Dal 2011 le chiusure di rappresentanze consolari si susseguono, con grande disappunto degli svizzeri dell'estero

(Keystone)

Il Consiglio degli svizzeri dell’estero ha preso atto venerdì che la riorganizzazione della rete diplomatica nei paesi limitrofi è conclusa. Il «parlamento» della Quinta svizzera ha anche espresso un sì unanime alla revisione della legge sull’istruzione dei giovani svizzeri all’estero.

«Attualmente ci troviamo nella seconda fase e dopo la terza, che sarà portata a termine entro la fine del 2014, non ve ne sarà una quarta». L’ambasciatore Gerhard Brügger, responsabile della direzione consolare del Dipartimento federale degli affari esteri (DFAE), ha comunicato venerdì ai rappresentanti del Consiglio degli svizzeri dell’estero (CSE), riuniti nella sala del Gran Consiglio vodese per il loro tradizionale congresso estivo, che le chiusure recentemente annunciate di consolati e ambasciate saranno le ultime.

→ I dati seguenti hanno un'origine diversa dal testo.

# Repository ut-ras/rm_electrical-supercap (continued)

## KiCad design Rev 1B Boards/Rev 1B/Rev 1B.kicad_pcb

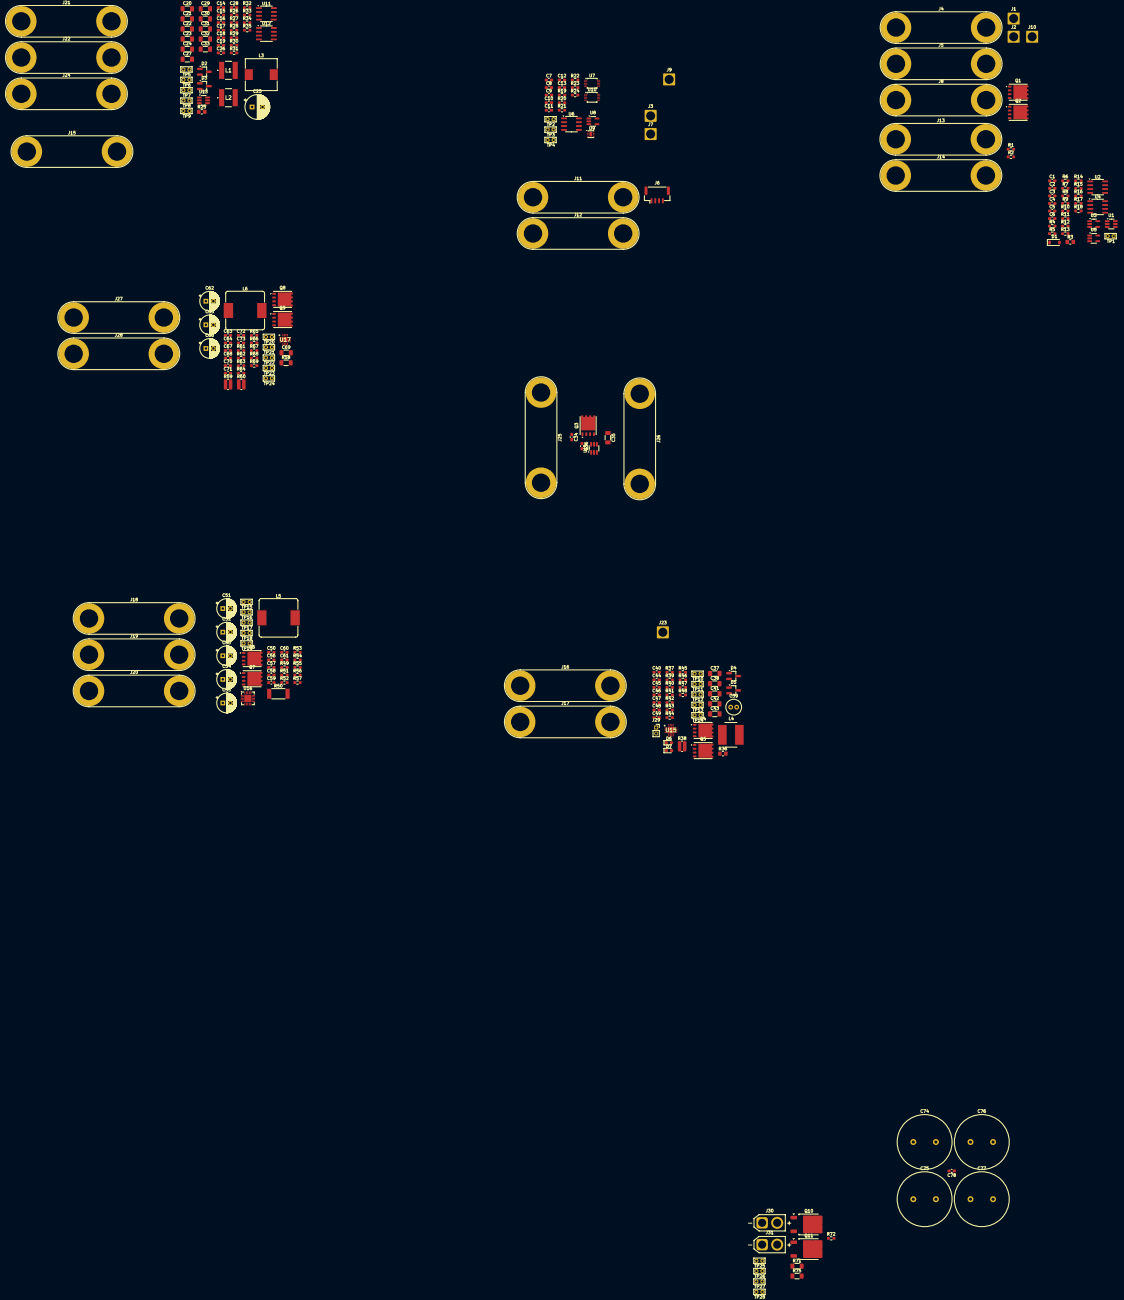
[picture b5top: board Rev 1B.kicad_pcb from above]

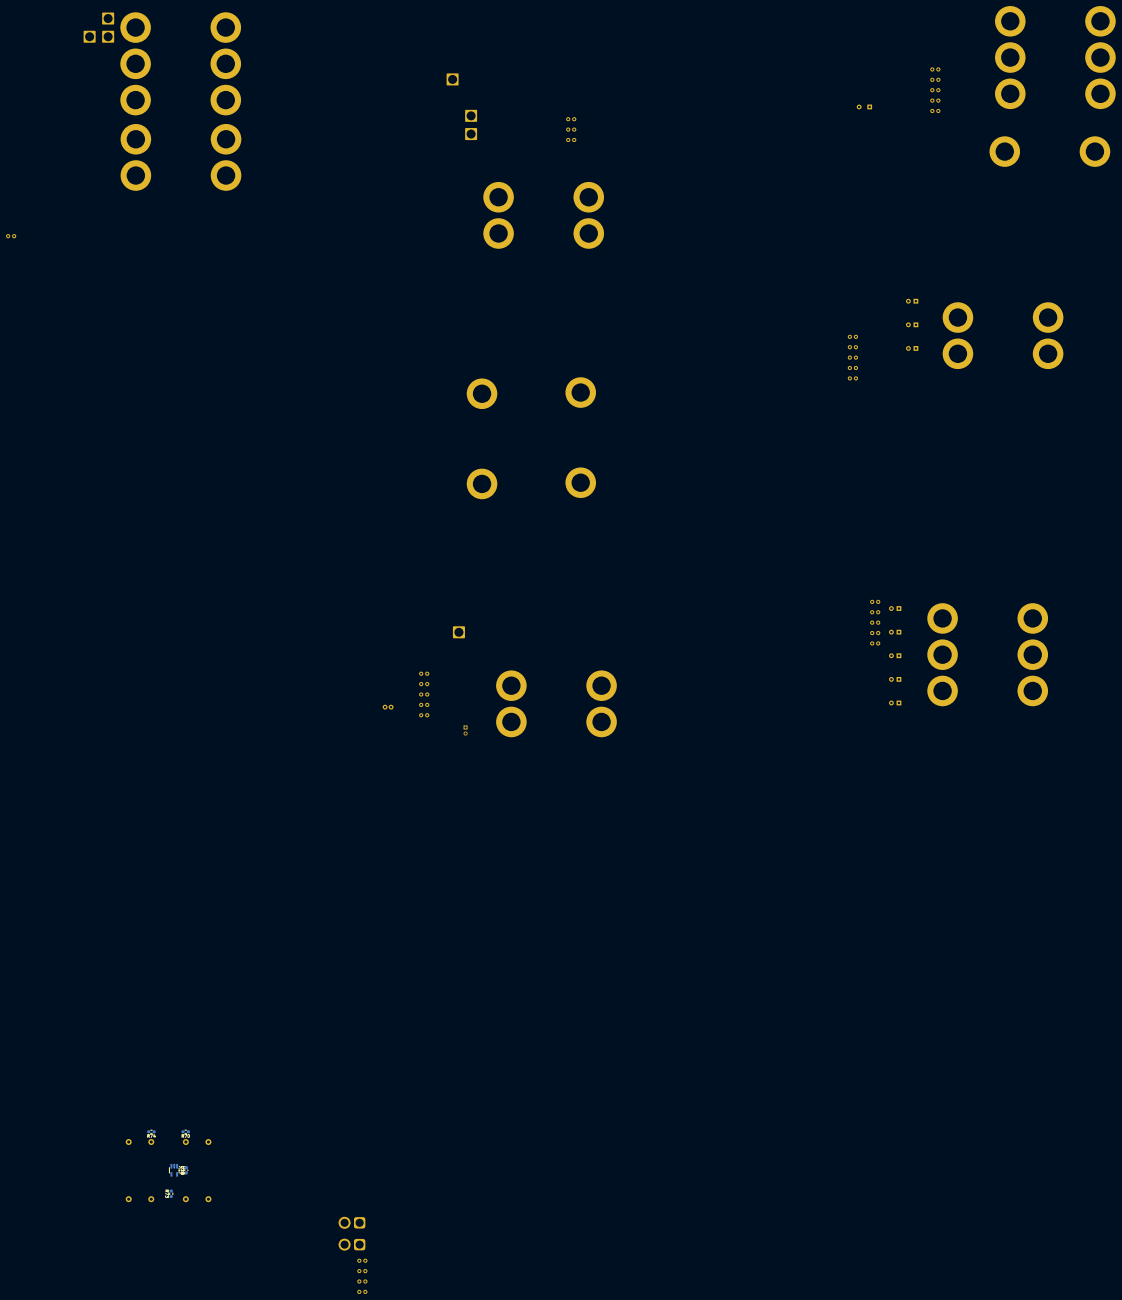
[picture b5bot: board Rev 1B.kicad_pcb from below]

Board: 2 copper layers, 255 parts (5 on the bottom side), 119 nets, no tracks yet.

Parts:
C1, C2, C3, C5, C7, C8, C9, C10, C11, C12, C26, C36, C45, C46, C49, C50, C56, C63, C64, C72, C79: 0.1u; C_0603_1608Metric_Pad1.08x0.95mm_HandSolder
C4, C6: 1000p; C_0603_1608Metric_Pad1.08x0.95mm_HandSolder
C13: 6.8u; C_0603_1608Metric_Pad1.08x0.95mm_HandSolder
C14: 82p; C_0603_1608Metric_Pad1.08x0.95mm_HandSolder
C15, C78: 100p; C_0603_1608Metric_Pad1.08x0.95mm_HandSolder
C16, C17, C40, C47, C48, C67, C68: 1u; C_0603_1608Metric_Pad1.08x0.95mm_HandSolder
C18, C19, C73: 0.01u; C_0603_1608Metric_Pad1.08x0.95mm_HandSolder
C20, C21, C22, C23, C24, C27, C29, C30, C31, C32, C33, C37, C38, C41, C42, C43, C69: 10u; C_1206_3216Metric_Pad1.33x1.80mm_HandSolder
C25: 100u; CP_Radial_D8.0mm_P3.50mm
C28: 330p; C_0603_1608Metric_Pad1.08x0.95mm_HandSolder
C34: 0.022u; C_0603_1608Metric_Pad1.08x0.95mm_HandSolder
C35: 47u; C_1206_3216Metric_Pad1.33x1.80mm_HandSolder
C39: 2.2u; C_Radial_D5.0mm_H11.0mm_P2.00mm
C44, C70: 15p; C_0603_1608Metric_Pad1.08x0.95mm_HandSolder
C51, C52, C53, C54, C55, C62, C65, C66: 220u; CP_Radial_D6.3mm_P2.50mm
C57: 200p; C_0603_1608Metric_Pad1.08x0.95mm_HandSolder
C58, C60: 0.47u; C_0603_1608Metric_Pad1.08x0.95mm_HandSolder
C59: 4.7u; C_0603_1608Metric_Pad1.08x0.95mm_HandSolder
C61: 0.015u; C_0603_1608Metric_Pad1.08x0.95mm_HandSolder
C71: 180p; C_0603_1608Metric_Pad1.08x0.95mm_HandSolder
C74, C75, C76, C77: 110; C_Radial_D18.0mm_H35.5mm_P7.50mm
D1: MMSZ4678T1G; D_SOD-123
D2, D3, D4, D5: BAT54; SOT-23_Handsoldering
D6: LTST-C193TBKT-5A; LED_0603_1608Metric_Pad1.05x0.95mm_HandSolder
D7: LTST-C193KSKT-5A; LED_0603_1608Metric_Pad1.05x0.95mm_HandSolder
J1, J2, J3, J7, J9, J10, J23: Conn_01x01_Pin; SolderWire-2.5sqmm_1x01_D2.4mm_OD3.6mm
J4, J5, J8, J11, J12, J13, J14, J15, J16, J17, J18, J19, J20, J21, J22, J24, J25, J26, J27, J28: Banana 2P; Banana_Jack_2Pin
J6: JST4_F; JST_GH_BM04B-GHS-TBT_1x04-1MP_P1.25mm_Vertical
J29: Conn_01x02_Socket; PinSocket_1x02_P2.00mm_Vertical
J30, J31: XT30_F; AMASS_XT30U-F_1x02_P5.0mm_Vertical
L1, L2: 220u; ASPIAIGS6055221MT
L3: 8.2u; L_10.4x10.4_H4.8
L4: 4.7u; L_Bourns_SRN8040TA
L5, L6: 1.8u; L_Bourns_SRP1245A
Q1, Q2, Q3, Q4, Q5, Q6, Q7, Q8, Q9: BSC059N04LS6; Infineon_PG-TDSON-8_6.15x5.15mm
Q10: 2SCR587D3; TO-252-2
Q11: 2SAR587D3; TO-252-2
R1, R2, R37, R40, R49, R51, R62, R63, R66: 0; R_0603_1608Metric_Pad0.98x0.95mm_HandSolder
R3: 0.02; R_0805_2012Metric_Pad1.20x1.40mm_HandSolder
R4, R6, R9, R13, R32: 1k; R_0603_1608Metric_Pad0.98x0.95mm_HandSolder
R5, R7, R11, R12, R15, R18, R70, R74: 1Meg; R_0603_1608Metric_Pad0.98x0.95mm_HandSolder
R8, R17, R48: 47k; R_0603_1608Metric_Pad0.98x0.95mm_HandSolder
R10, R14, R34, R61: 100k; R_0603_1608Metric_Pad0.98x0.95mm_HandSolder
R16, R42: 15k; R_0603_1608Metric_Pad0.98x0.95mm_HandSolder
R19, R20, R21, R22: 1.5k; R_0603_1608Metric_Pad0.98x0.95mm_HandSolder
R23, R30: 180k; R_0603_1608Metric_Pad0.98x0.95mm_HandSolder
R24: 220k; R_0603_1608Metric_Pad0.98x0.95mm_HandSolder
R25: 180; R_0805_2012Metric_Pad1.20x1.40mm_HandSolder
R26, R27: 1; R_0603_1608Metric_Pad0.98x0.95mm_HandSolder
R28: 1.2k; R_0603_1608Metric_Pad0.98x0.95mm_HandSolder
R29, R33, R56: 22k; R_0603_1608Metric_Pad0.98x0.95mm_HandSolder
R31: 820; R_0603_1608Metric_Pad0.98x0.95mm_HandSolder
R35: 13.7k; R_0603_1608Metric_Pad0.98x0.95mm_HandSolder
R36: 6.8; R_0805_2012Metric_Pad1.20x1.40mm_HandSolder
R38: 0.01; R_0612_1632Metric_Pad1.18x3.40mm_HandSolder
R39: 27k; R_0603_1608Metric_Pad0.98x0.95mm_HandSolder
R41, R57: 470k; R_0603_1608Metric_Pad0.98x0.95mm_HandSolder
R43, R44: 4.7k; R_0603_1608Metric_Pad0.98x0.95mm_HandSolder
R45: 9.31k; R_0603_1608Metric_Pad0.98x0.95mm_HandSolder
R46: 82k; R_0603_1608Metric_Pad0.98x0.95mm_HandSolder
R47: 430k; R_0603_1608Metric_Pad0.98x0.95mm_HandSolder
R50: 2m; R_2512_6332Metric_Pad1.40x3.35mm_HandSolder
R52: 18k; R_0603_1608Metric_Pad0.98x0.95mm_HandSolder
R53: 35.7k; R_0603_1608Metric_Pad0.98x0.95mm_HandSolder
R54: 75k; R_0603_1608Metric_Pad0.98x0.95mm_HandSolder
R55: 39k; R_0603_1608Metric_Pad0.98x0.95mm_HandSolder
R58: 47m; R_1206_3216Metric_Pad1.30x1.75mm_HandSolder
R59, R60: 1m; R_0612_1632Metric_Pad1.18x3.40mm_HandSolder
R64: 22.6k; R_0603_1608Metric_Pad0.98x0.95mm_HandSolder
R65: 330k; R_0603_1608Metric_Pad0.98x0.95mm_HandSolder
R67: 76.8k; R_0603_1608Metric_Pad0.98x0.95mm_HandSolder
R68: 30k; R_0603_1608Metric_Pad0.98x0.95mm_HandSolder
R69: 43k; R_0603_1608Metric_Pad0.98x0.95mm_HandSolder
R71, R75: 0.1; R_1206_3216Metric_Pad1.30x1.75mm_HandSolder
R72, R73: 100; R_0603_1608Metric_Pad0.98x0.95mm_HandSolder
TP1: V_{DIFF10}; TestPoint_Bridge_Pitch2.0mm_Drill0.7mm
TP2: V_{SCL}; TestPoint_Bridge_Pitch2.0mm_Drill0.7mm
TP3: V_{SDA}; TestPoint_Bridge_Pitch2.0mm_Drill0.7mm
TP4: V_{SC+BUF}; TestPoint_Bridge_Pitch2.0mm_Drill0.7mm
TP5, TP6: V_{C}; TestPoint_Bridge_Pitch2.0mm_Drill0.7mm
TP7, TP8: V_{E}; TestPoint_Bridge_Pitch2.0mm_Drill0.7mm
TP9, TP11, TP16, TP20: V_{SW}; TestPoint_Bridge_Pitch2.0mm_Drill0.7mm
TP10: V_{HIDRV}; TestPoint_Bridge_Pitch2.0mm_Drill0.7mm
TP12, TP17, TP21: V_{P}; TestPoint_Bridge_Pitch2.0mm_Drill0.7mm
TP13: V_{LODRV}; TestPoint_Bridge_Pitch2.0mm_Drill0.7mm
TP14, TP19, TP22: V_{N}; TestPoint_Bridge_Pitch2.0mm_Drill0.7mm
TP15: V_{HO}; TestPoint_Bridge_Pitch2.0mm_Drill0.7mm
TP18: V_{LO}; TestPoint_Bridge_Pitch2.0mm_Drill0.7mm
TP23: V_{LDRV}; TestPoint_Bridge_Pitch2.0mm_Drill0.7mm
TP24: V_{HDRV}; TestPoint_Bridge_Pitch2.0mm_Drill0.7mm
TP25: V_{OUT}; TestPoint_Bridge_Pitch2.0mm_Drill0.7mm
TP26: V_{CAP}; TestPoint_Bridge_Pitch2.0mm_Drill0.7mm
TP27: V_{MID}; TestPoint_Bridge_Pitch2.0mm_Drill0.7mm
TP28: V_{REF}; TestPoint_Bridge_Pitch2.0mm_Drill0.7mm
U1: MAX4073T; SOT-23-6_Handsoldering
U2, U4: OPA551U; SOIC-8_3.9x4.9mm_P1.27mm
U3, U5, U8, U18: TLV9301xDBV; SOT-23-5_HandSoldering
U6: ISO164xB; SOIC-8_3.9x4.9mm_P1.27mm
U7, U10: ADS1014IDGS; TSSOP-10_3x3mm_P0.5mm
U9: DAC53401; WSON-8-1EP_2x2mm_P0.5mm_EP0.9x1.6mm
U11, U12: MC34063A; SOIC-8_3.9x4.9mm_P1.27mm
U13: TPS54302; SOT-23-6_Handsoldering
U14: LM74700; SOT-23-6_Handsoldering
U15: BQ24640; QFN50P350X350X100-17N-D
U16: LM5123-Q1; Texas_RGP0020H_VQFN-20-1EP_4x4mm_P0.5mm_EP2.4x2.4mm
U17: TPS43061; Texas_S-PWQFN-N16

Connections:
+3V3: C7.1, C8.2, C11.2, C12.2, C18.2, C20.1, J12.1, J15.1, L2.2, R21.1, R22.1, R28.2, U6.8 (VCC2), U7.8 (VDD), U9.1 (A0), U9.6 (VDD), U10.1 (ADDR), U10.8 (VDD)
+5V: C28.1, C29.1, C30.1, C31.1, C32.1, C33.1, J22.1, L3.2, R34.1
+24V: C1.1, C5.1, C10.2, J8.1, J11.1, J20.1, Q1.1 (S), Q1.2 (S), Q1.3 (S), R3.2, U1.5 (RS-), U3.5 (V+), U5.5 (V+), U8.5 (V+), U16.8 (BIAS)
/+3V3_{DEV}: C9.2, J6.1, R19.1, R20.1, U6.1 (VCC1)
/+4.4V_{SCAP}_BYPASS: C35.1, J26.1, Q3.5 (D), U14.4 (CATHODE)
/+4.4V_{SCAP}_IN: C62.1, C63.1, J27.1, R58.1, R59.1, TP21.1, U17.6 (ISNS+), U17.7 (VIN)
/+4.4V_{SCAP}_OUT: C50.1, C51.1, C52.1, C53.1, C54.1, C55.1, J19.1, Q6.5 (D), U16.3 (VOUT)
/+6V_{SCAP}_ADC: J7.1, R23.1
/+6V_{SCAP}_BYPASS: C34.1, C36.1, J25.1, Q3.1 (S), Q3.2 (S), Q3.3 (S), U14.3 (EN), U14.6 (ANODE)
/+6V_{SCAP}_IN: J18.1, R50.1, R55.1, TP17.1, U16.1 (CSP)
/+6V_{SCAP}_OUT: C41.1, C42.1, C43.1, C44.1, C46.2, J17.1, R38.2, R39.1, TP14.1, U15.9 (SRN)
/+24V_CAP_IN: J14.1, Q2.1 (S), Q2.2 (S), Q2.3 (S)
/+24V_CAP_OUT: C65.1, C66.1, C67.1, C68.1, C70.1, J28.1, Q8.5 (D), R65.1
/+24_IN: C37.1, C38.1, C39.1, D4.1 (A), J4.1, J16.1, Q4.5 (D), R3.1, R43.1, R44.1, U1.3 (Vcc), U1.4 (RS+)
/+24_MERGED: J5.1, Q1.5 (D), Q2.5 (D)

Nella lista presentata da Brügger di consolati generali e ambasciate che chiuderanno nei prossimi mesi (tra cui Los Angeles e Chicago o l’ambasciata in Guatemala) e di nuove rappresentanze che apriranno (come in Qatar e Myanmar) non figurano inoltre più rappresentanze nei paesi limitrofi. Un annuncio che il presidente dell’Organizzazione degli svizzeri dell’estero (OSE) Jacques-Simon Eggly ha accolto con un sorriso un po’ amaro: «La buona notizia è che non c’è più un programma di chiusura negli Stati vicini, ma del resto non vedo bene dove si potesse ancora tagliare», ha dichiarato.

Non tutto è negativo

Lo «smantellamento» della rete diplomatica, come lo definisce l’OSE, o l’«ottimizzazione», se si adotta il punto di vista del DFAE, ha però lasciato il segno tra gli svizzeri dell’estero. In Italia, ad esempio, sono rimasti solo due consolati (erano nove fino a una cinquantina d’anni fa). Molti dei 92 membri dell’OSE presenti venerdì hanno fatto presente a Brügger i problemi pratici a cui vanno incontro nei loro paesi d’adozione, in particolare per i lunghi tragitti che spesso devono compiere per arrivare al consolato da cui dipendono. Roberto Engeler, membro del Consiglio degli svizzeri dell’estero, ha ad esempio sottolineato che per il 15% circa delle persone che fanno capo al consolato di Milano è impossibile espletare le pratiche in una sola giornata se devono utilizzare dei mezzi pubblici.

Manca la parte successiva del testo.